Directions for this task
Below is a listing; restate from it, character for character, the lines beginning at the line holding "# Drawn here: x" and ending at the line holding "msp = doc.modelspace()", both included.

Listed entries
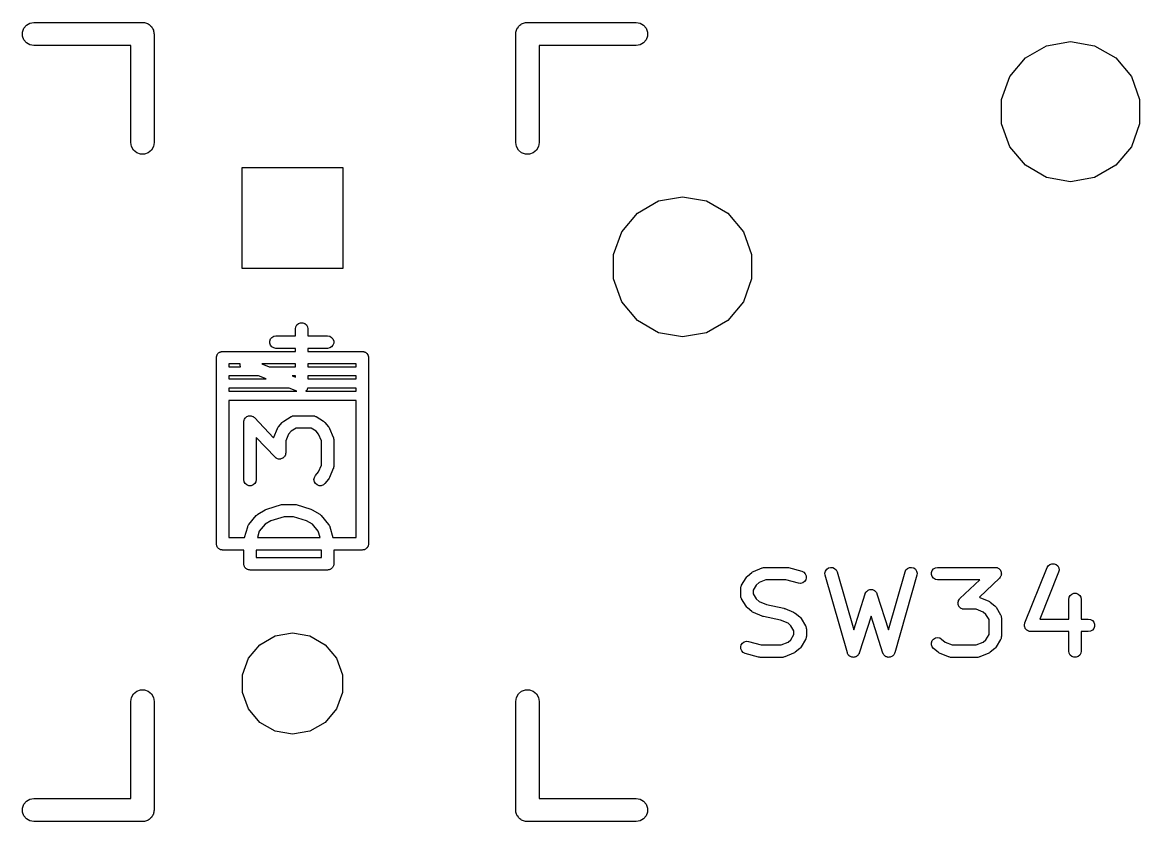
# Model space of a CAD drawing. Extents: x 47 to 330, y -254 to -153.
# Drawn here: x 152.26 to 170.54, y -206.54 to -193.46 of the extents above; entities that cross this region are included whole.
import ezdxf

# ---------------------------------------------------------------- set-up
doc = ezdxf.new("R2010")
doc.units = 0
doc.header["$MEASUREMENT"] = 0
doc.layers.add('BLACK', color=7, linetype='CONTINUOUS')

msp = doc.modelspace()

# ---------------------------------------------------------------- linework, layer by layer
at = {"layer": 'Black'}
for p, q in [((152.382, -193.471), (152.447, -193.459)), ((152.447, -193.459), (154.225, -193.459)), ((154.225, -193.459), (154.241, -193.462)), ((154.241, -193.462), (154.258, -193.462)), ((154.258, -193.462), (154.274, -193.468)), ((160.476, -193.468), (160.492, -193.462)), ((160.492, -193.462), (160.509, -193.462)), ((160.509, -193.462), (160.525, -193.459)), ((160.525, -193.459), (162.303, -193.459)), ((162.303, -193.459), (162.368, -193.471)), ((152.259, -193.617), (152.282, -193.555)), ((152.259, -193.683), (152.259, -193.617)), ((152.282, -193.555), (152.325, -193.504)), ((152.325, -193.504), (152.382, -193.471)), ((154.274, -193.468), (154.29, -193.471)), ((154.29, -193.471), (154.305, -193.479)), ((154.305, -193.479), (154.32, -193.485)), ((154.32, -193.485), (154.333, -193.496)), ((154.333, -193.496), (154.347, -193.504)), ((154.347, -193.504), (154.358, -193.517)), ((154.358, -193.517), (154.371, -193.528)), ((154.371, -193.528), (154.379, -193.542)), ((154.379, -193.542), (154.39, -193.555)), ((154.39, -193.555), (154.396, -193.57)), ((154.396, -193.57), (154.404, -193.585)), ((154.404, -193.585), (154.407, -193.601)), ((154.407, -193.601), (154.413, -193.617)), ((154.413, -193.617), (154.413, -193.634)), ((154.413, -193.634), (154.415, -193.65)), ((160.334, -193.65), (160.337, -193.634)), ((160.337, -193.617), (160.343, -193.601)), ((160.337, -193.634), (160.337, -193.617)), ((160.343, -193.601), (160.346, -193.585)), ((160.346, -193.585), (160.354, -193.57)), ((160.354, -193.57), (160.36, -193.555)), ((160.36, -193.555), (160.371, -193.542)), ((160.371, -193.542), (160.379, -193.528)), ((160.379, -193.528), (160.392, -193.517)), ((160.392, -193.517), (160.403, -193.504)), ((160.403, -193.504), (160.417, -193.496)), ((160.417, -193.496), (160.43, -193.485)), ((160.43, -193.485), (160.445, -193.479)), ((160.445, -193.479), (160.46, -193.471)), ((160.46, -193.471), (160.476, -193.468)), ((162.368, -193.471), (162.425, -193.504)), ((162.425, -193.504), (162.468, -193.555)), ((162.468, -193.555), (162.491, -193.617)), ((162.491, -193.617), (162.491, -193.683)), ((152.282, -193.745), (152.259, -193.683)), ((152.325, -193.796), (152.282, -193.745)), ((152.382, -193.829), (152.325, -193.796)), ((152.447, -193.84), (152.382, -193.829)), ((154.415, -193.65), (154.415, -195.428)), ((160.334, -195.428), (160.334, -193.65)), ((162.368, -193.829), (162.303, -193.84)), ((162.425, -193.796), (162.368, -193.829)), ((162.468, -193.745), (162.425, -193.796)), ((162.491, -193.683), (162.468, -193.745)), ((169.023, -193.842), (169.415, -193.773)), ((169.415, -193.773), (169.807, -193.842)), ((154.034, -193.84), (152.447, -193.84)), ((154.034, -195.428), (154.034, -193.84)), ((162.303, -193.84), (160.715, -193.84)), ((160.715, -193.84), (160.715, -195.428)), ((168.677, -194.041), (169.023, -193.842)), ((169.807, -193.842), (170.153, -194.041)), ((168.421, -194.346), (168.677, -194.041)), ((170.153, -194.041), (170.409, -194.346)), ((168.285, -194.721), (168.421, -194.346)), ((170.409, -194.346), (170.545, -194.721)), ((168.285, -195.119), (168.285, -194.721)), ((170.545, -194.721), (170.545, -195.119)), ((168.421, -195.494), (168.285, -195.119)), ((170.545, -195.119), (170.409, -195.494)), ((154.046, -195.493), (154.034, -195.428)), ((154.415, -195.428), (154.404, -195.493)), ((160.346, -195.493), (160.334, -195.428)), ((160.715, -195.428), (160.704, -195.493)), ((154.079, -195.55), (154.046, -195.493)), ((154.13, -195.593), (154.079, -195.55)), ((154.192, -195.616), (154.13, -195.593)), ((154.258, -195.616), (154.192, -195.616)), ((154.32, -195.593), (154.258, -195.616)), ((154.371, -195.55), (154.32, -195.593)), ((154.404, -195.493), (154.371, -195.55)), ((160.379, -195.55), (160.346, -195.493)), ((160.43, -195.593), (160.379, -195.55)), ((160.492, -195.616), (160.43, -195.593)), ((160.558, -195.616), (160.492, -195.616)), ((160.62, -195.593), (160.558, -195.616)), ((160.671, -195.55), (160.62, -195.593)), ((160.704, -195.493), (160.671, -195.55)), ((168.677, -195.799), (168.421, -195.494)), ((170.409, -195.494), (170.153, -195.799)), ((155.855, -197.486), (155.855, -195.834)), ((155.855, -195.834), (157.505, -195.834)), ((157.505, -195.834), (157.505, -197.486)), ((169.023, -195.998), (168.677, -195.799)), ((170.153, -195.799), (169.807, -195.998)), ((169.415, -196.067), (169.023, -195.998)), ((169.807, -195.998), (169.415, -196.067)), ((162.327, -196.581), (162.673, -196.382)), ((162.673, -196.382), (163.065, -196.313)), ((163.065, -196.313), (163.457, -196.382)), ((163.457, -196.382), (163.803, -196.581)), ((162.071, -196.886), (162.327, -196.581)), ((163.803, -196.581), (164.059, -196.886)), ((161.935, -197.261), (162.071, -196.886)), ((164.059, -196.886), (164.195, -197.261)), ((161.935, -197.659), (161.935, -197.261)), ((164.195, -197.261), (164.195, -197.659)), ((157.505, -197.486), (155.855, -197.486)), ((162.071, -198.034), (161.935, -197.659)), ((164.195, -197.659), (164.059, -198.034)), ((162.327, -198.339), (162.071, -198.034)), ((164.059, -198.034), (163.803, -198.339)), ((156.753, -198.409), (156.78, -198.386)), ((156.78, -198.386), (156.814, -198.374)), ((156.814, -198.374), (156.849, -198.374)), ((156.849, -198.374), (156.882, -198.386)), ((156.882, -198.386), (156.909, -198.409)), ((162.673, -198.538), (162.327, -198.339)), ((163.803, -198.339), (163.457, -198.538)), ((156.73, -198.474), (156.736, -198.44)), ((156.73, -198.59), (156.73, -198.474)), ((156.736, -198.44), (156.753, -198.409)), ((156.909, -198.409), (156.927, -198.44)), ((156.927, -198.44), (156.933, -198.474)), ((156.933, -198.474), (156.933, -198.59)), ((163.065, -198.607), (162.673, -198.538)), ((163.457, -198.538), (163.065, -198.607)), ((156.308, -198.674), (156.32, -198.641)), ((156.308, -198.71), (156.308, -198.674)), ((156.32, -198.743), (156.308, -198.71)), ((156.32, -198.641), (156.343, -198.614)), ((156.343, -198.77), (156.32, -198.743)), ((156.343, -198.614), (156.373, -198.597)), ((156.373, -198.597), (156.408, -198.59)), ((156.408, -198.59), (156.73, -198.59)), ((156.933, -198.59), (157.255, -198.59)), ((157.255, -198.59), (157.289, -198.597)), ((157.289, -198.597), (157.32, -198.614)), ((157.32, -198.614), (157.343, -198.641)), ((157.343, -198.743), (157.32, -198.77)), ((157.343, -198.641), (157.355, -198.674)), ((157.355, -198.71), (157.343, -198.743)), ((157.355, -198.674), (157.355, -198.71)), ((155.435, -198.946), (155.437, -198.937)), ((155.435, -201.994), (155.435, -198.946)), ((155.437, -198.928), (155.44, -198.92)), ((155.437, -198.937), (155.437, -198.928)), ((155.44, -198.92), (155.442, -198.911)), ((155.442, -198.911), (155.446, -198.904)), ((155.446, -198.904), (155.449, -198.895)), ((155.449, -198.895), (155.455, -198.888)), ((155.455, -198.888), (155.459, -198.881)), ((155.459, -198.881), (155.466, -198.875)), ((155.466, -198.875), (155.472, -198.868)), ((155.472, -198.868), (155.479, -198.864)), ((155.479, -198.864), (155.486, -198.858)), ((155.486, -198.858), (155.495, -198.855)), ((155.495, -198.855), (155.502, -198.851)), ((155.502, -198.851), (155.511, -198.849)), ((155.511, -198.849), (155.519, -198.846)), ((155.519, -198.846), (155.528, -198.846)), ((155.528, -198.846), (155.537, -198.844)), ((155.537, -198.844), (156.73, -198.844)), ((156.373, -198.787), (156.343, -198.77)), ((156.408, -198.794), (156.373, -198.787)), ((156.73, -198.794), (156.408, -198.794)), ((156.73, -198.844), (156.73, -198.794)), ((157.255, -198.794), (156.933, -198.794)), ((156.933, -198.794), (156.933, -198.844)), ((156.933, -198.844), (157.823, -198.844)), ((157.289, -198.787), (157.255, -198.794)), ((157.32, -198.77), (157.289, -198.787)), ((157.823, -198.844), (157.832, -198.846)), ((157.832, -198.846), (157.841, -198.846)), ((157.841, -198.846), (157.849, -198.849)), ((157.849, -198.849), (157.858, -198.851)), ((157.858, -198.851), (157.865, -198.855)), ((157.865, -198.855), (157.874, -198.858)), ((157.874, -198.858), (157.881, -198.864)), ((157.881, -198.864), (157.888, -198.868)), ((157.888, -198.868), (157.894, -198.875)), ((157.894, -198.875), (157.901, -198.881)), ((157.901, -198.881), (157.905, -198.888)), ((157.905, -198.888), (157.911, -198.895)), ((157.911, -198.895), (157.914, -198.904)), ((157.914, -198.904), (157.918, -198.911)), ((157.918, -198.911), (157.92, -198.92)), ((157.92, -198.92), (157.923, -198.928)), ((157.923, -198.928), (157.923, -198.937)), ((157.923, -198.937), (157.925, -198.946)), ((157.925, -198.946), (157.925, -201.994)), ((155.824, -199.048), (155.639, -199.048)), ((155.639, -199.048), (155.639, -199.095)), ((155.639, -199.095), (155.68, -199.095)), ((155.68, -199.095), (155.832, -199.095)), ((155.823, -199.069), (155.824, -199.048)), ((155.832, -199.095), (155.823, -199.069)), ((156.179, -199.048), (156.298, -199.095)), ((156.73, -199.048), (156.179, -199.048)), ((156.298, -199.095), (156.73, -199.095)), ((156.73, -199.095), (156.73, -199.048)), ((156.933, -199.048), (156.933, -199.095)), ((157.721, -199.048), (156.933, -199.048)), ((156.933, -199.095), (157.721, -199.095)), ((157.721, -199.095), (157.721, -199.048)), ((155.68, -199.245), (155.639, -199.245)), ((155.639, -199.245), (155.639, -199.295)), ((155.639, -199.295), (156.251, -199.295)), ((156.126, -199.245), (155.68, -199.245)), ((156.251, -199.295), (156.126, -199.245)), ((156.673, -199.245), (156.73, -199.268)), ((156.73, -199.245), (156.673, -199.245)), ((156.73, -199.268), (156.73, -199.245)), ((156.933, -199.245), (156.933, -199.295)), ((157.721, -199.245), (156.933, -199.245)), ((156.933, -199.295), (157.721, -199.295)), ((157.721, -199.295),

Solution for this problem
# Drawn here: x 152.26 to 170.54, y -206.54 to -193.46 of the extents above; entities that cross this region are included whole.
import ezdxf

# ---------------------------------------------------------------- set-up
doc = ezdxf.new("R2010")
doc.units = 0
doc.header["$MEASUREMENT"] = 0
doc.layers.add('BLACK', color=7, linetype='CONTINUOUS')

msp = doc.modelspace()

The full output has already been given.